(Input records Opens)

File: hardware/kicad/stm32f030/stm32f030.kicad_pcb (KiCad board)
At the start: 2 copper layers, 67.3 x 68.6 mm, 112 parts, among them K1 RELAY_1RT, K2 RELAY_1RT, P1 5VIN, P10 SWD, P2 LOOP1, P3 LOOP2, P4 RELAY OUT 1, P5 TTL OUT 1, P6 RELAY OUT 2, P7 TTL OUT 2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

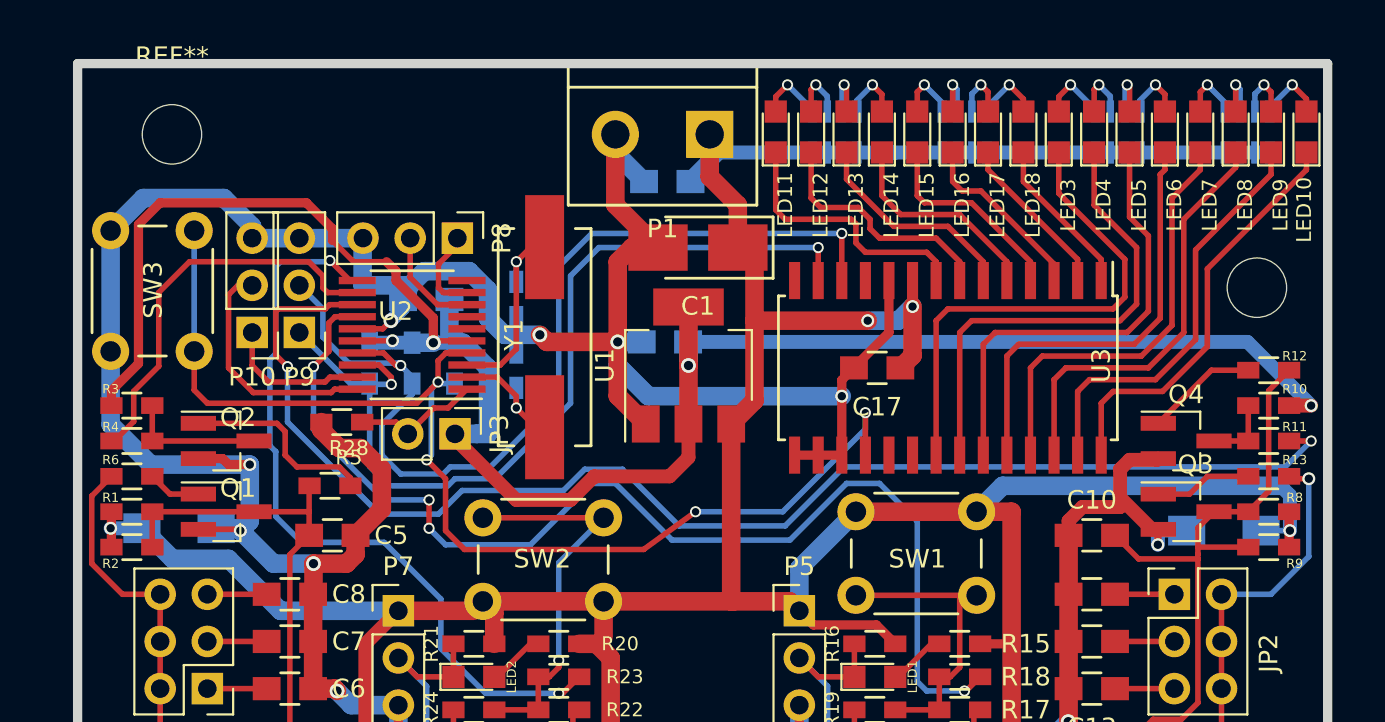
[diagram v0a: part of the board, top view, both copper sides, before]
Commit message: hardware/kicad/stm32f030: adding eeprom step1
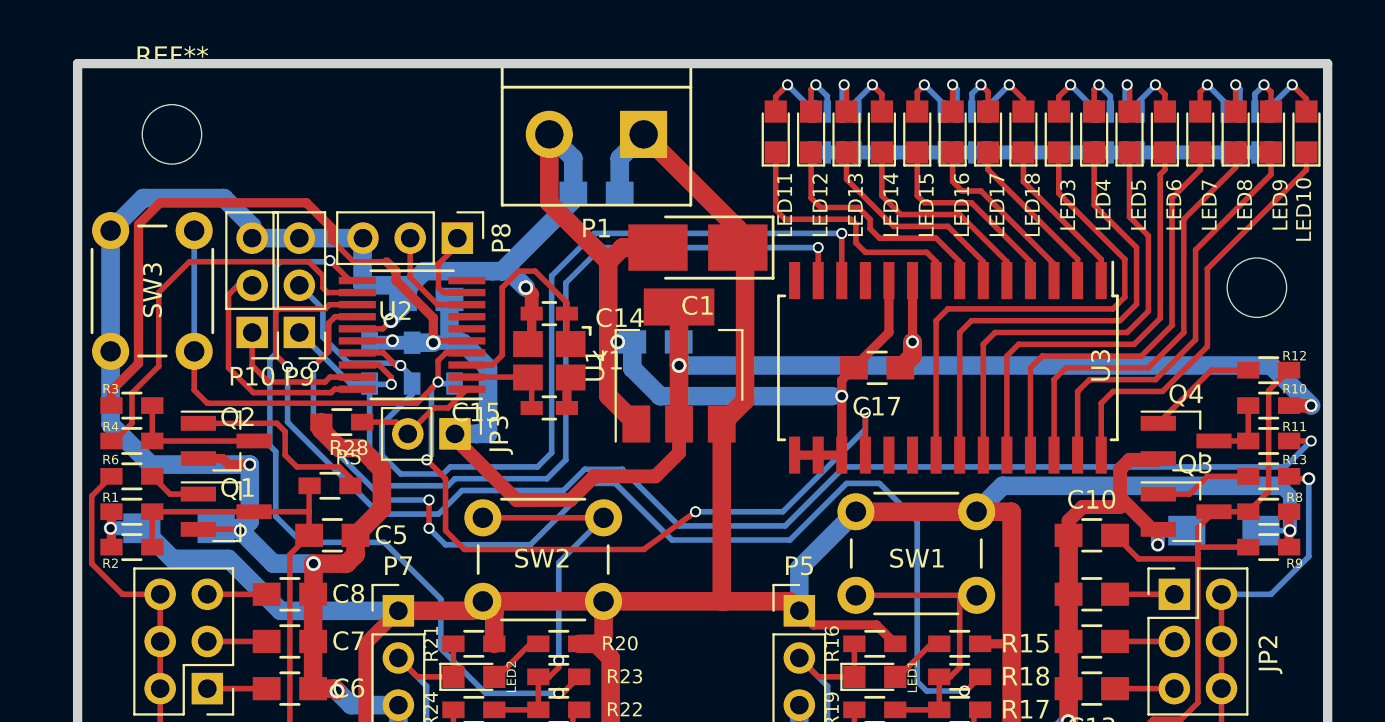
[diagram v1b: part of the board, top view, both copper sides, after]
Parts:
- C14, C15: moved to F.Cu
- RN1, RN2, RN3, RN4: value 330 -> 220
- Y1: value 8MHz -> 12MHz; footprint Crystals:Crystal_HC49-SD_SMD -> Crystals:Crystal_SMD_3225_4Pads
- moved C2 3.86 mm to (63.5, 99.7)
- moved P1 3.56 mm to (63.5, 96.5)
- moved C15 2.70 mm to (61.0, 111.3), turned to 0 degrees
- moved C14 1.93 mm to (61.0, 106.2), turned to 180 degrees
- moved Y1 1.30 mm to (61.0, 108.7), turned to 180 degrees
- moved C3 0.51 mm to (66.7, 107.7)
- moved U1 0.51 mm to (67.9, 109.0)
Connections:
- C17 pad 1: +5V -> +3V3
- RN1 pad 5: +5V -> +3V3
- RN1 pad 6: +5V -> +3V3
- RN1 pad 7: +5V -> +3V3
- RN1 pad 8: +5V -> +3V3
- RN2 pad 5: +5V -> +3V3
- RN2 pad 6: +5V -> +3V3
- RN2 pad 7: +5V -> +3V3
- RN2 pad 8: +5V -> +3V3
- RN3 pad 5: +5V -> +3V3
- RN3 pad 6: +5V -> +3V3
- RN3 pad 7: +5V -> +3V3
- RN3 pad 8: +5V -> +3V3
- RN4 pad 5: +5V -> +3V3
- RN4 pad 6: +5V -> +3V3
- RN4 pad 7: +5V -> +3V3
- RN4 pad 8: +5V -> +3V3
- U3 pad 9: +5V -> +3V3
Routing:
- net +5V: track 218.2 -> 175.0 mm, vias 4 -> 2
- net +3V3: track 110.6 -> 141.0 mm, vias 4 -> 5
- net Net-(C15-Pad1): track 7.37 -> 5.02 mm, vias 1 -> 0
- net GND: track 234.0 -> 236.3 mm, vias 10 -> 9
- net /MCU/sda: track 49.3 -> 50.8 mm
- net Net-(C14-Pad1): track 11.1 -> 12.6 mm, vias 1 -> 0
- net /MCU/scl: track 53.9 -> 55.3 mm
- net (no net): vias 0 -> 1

(Input records Closes)

(Aim of the task): A single number is the expected answer: how many lines of the records above contain the word "kicad".

(Task solution): 2